A Vincent Van Gogh (1853-1890) a menudo se le confundía con el grupo de pintores impresionistas por la luminosidad cromática de su paleta, además de por su estilo de pincelada suelta y por el gusto de trabajar al aire libre. Es cierto que el joven holandés que llega a París en 1886 conoció este círculo, y probablemente le influyó tanto como pudo influirle el ardiente sol del mediodía francés en Arles, donde se instaló poco más tarde.
El desorden psíquico de Van Gogh encuentra desahogo en la pintura, desarrollando un lenguaje propio en el que la pasión expresiva de sus comienzos, de tonos terrosos y oscuros, encuentra un vehículo idóneo en los colores puros y en una pincelada rítmica, con lo que manifiesta sus estados de ánimo.
La particularidad de este pintor más interesante para este contexto histórico reside en su relación con lo cotidiano.

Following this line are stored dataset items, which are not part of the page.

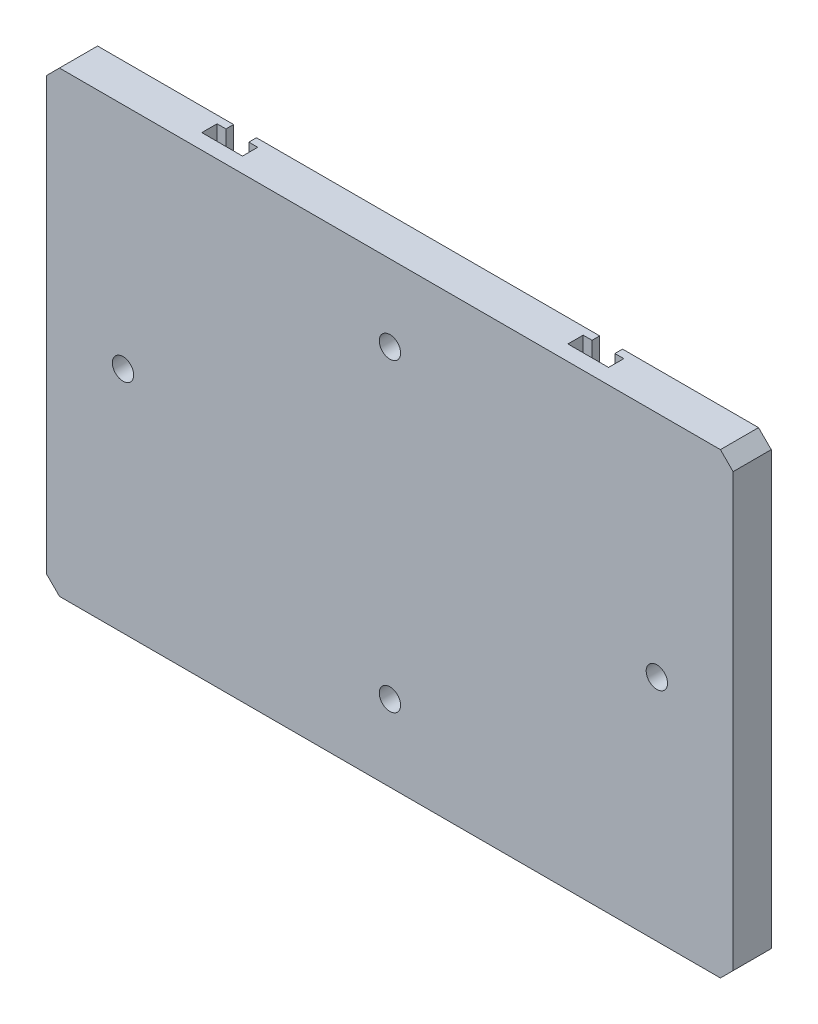
from build123d import *

# Parameters (mm, degrees)
SKETCH_1_W                   = 270
SKETCH_1_H                   = 180
EXTRUDE_1_DEPTH              = 15
CHAMFER_1_SIZE               = 5
HOLE_WIZARD_M8_1_D           = 8.4
HOLE_WIZARD_M8_1_CBORE_D     = 15
HOLE_WIZARD_M8_1_CBORE_DEPTH = 8
CUT_EXTRUDE_1_DEPTH          = 325.846117416


with BuildPart() as part:
    # 草图1 → 凸台-拉伸1 (new body)
    with BuildSketch(Plane.XY):
        with Locations((135, 90)):
            Rectangle(SKETCH_1_W, SKETCH_1_H)
    extrude(amount=EXTRUDE_1_DEPTH)

    # 倒角1
    chamfer_1_edges = [part.edges().sort_by_distance(p)[0] for p in [
        (0, 180, 7.5),
        (270, 180, 7.5),
        (270, 0, 7.5),
        (0, 0, 7.5),
    ]]
    chamfer(chamfer_1_edges, length=CHAMFER_1_SIZE)

    # M8 凹头盖螺钉的柱形沉头孔1 (through all)
    with Locations(Plane(origin=(0, 0, 0), x_dir=(-1, 0, 0), z_dir=(0, 0, -1))):
        with Locations((-240, 90), (-30, 90), (-135, 30), (-135, 150)):
            CounterBoreHole(HOLE_WIZARD_M8_1_D / 2, HOLE_WIZARD_M8_1_CBORE_D / 2, HOLE_WIZARD_M8_1_CBORE_DEPTH)

    # 草图4 → 切除-拉伸1 (cut, through all)
    with BuildSketch(Plane(origin=(0, 180, 0), x_dir=(1, 0, 0), z_dir=(0, 1, 0))):
        Polygon((55, -9), (71, -9), (71, -3), (67.5, -3), (67.5, 0), (58.5, 0), (58.5, -3), (55, -3), align=None)
        Polygon((202.5, -3), (199, -3), (199, -9), (215, -9), (215, -3), (211.5, -3), (211.5, 0), (202.5, 0), align=None)
    extrude(amount=-CUT_EXTRUDE_1_DEPTH, mode=Mode.SUBTRACT)


solid = part.part

De carácter introspectivo, Vincent Van Gogh pintó de manera frenética, sólo en sus dos últimos meses más de setenta cuadros, exclusivamente su limitado entorno. Muy pocos retratos, bastantes autorretratos, exteriores, interiores, innumerables paisajes y naturalezas muertas forman su extensa obra.


Arriba, “La Casa Amarilla”, casa del pintor Vincent Van Gogh en Arles, de 1888.



Arriba, una de las versiones que Van Gogh realizó de su propio dormitorio en Arles, de 1888. Al lado, “Grupo de Viejas Casas con la Nueva Iglesia en La Haya” de 1882; una de sus primeras pinturas antes de trasladarse a la soleada Francia. Debajo, “Fábrica en Asnieres” de 1887.






En la imagen superior, “Casa Blanca de Noche”. Debajo, “Calle en Auvers”. Las dos pinturas de 1890, en unos de sus paseos por los alrededores.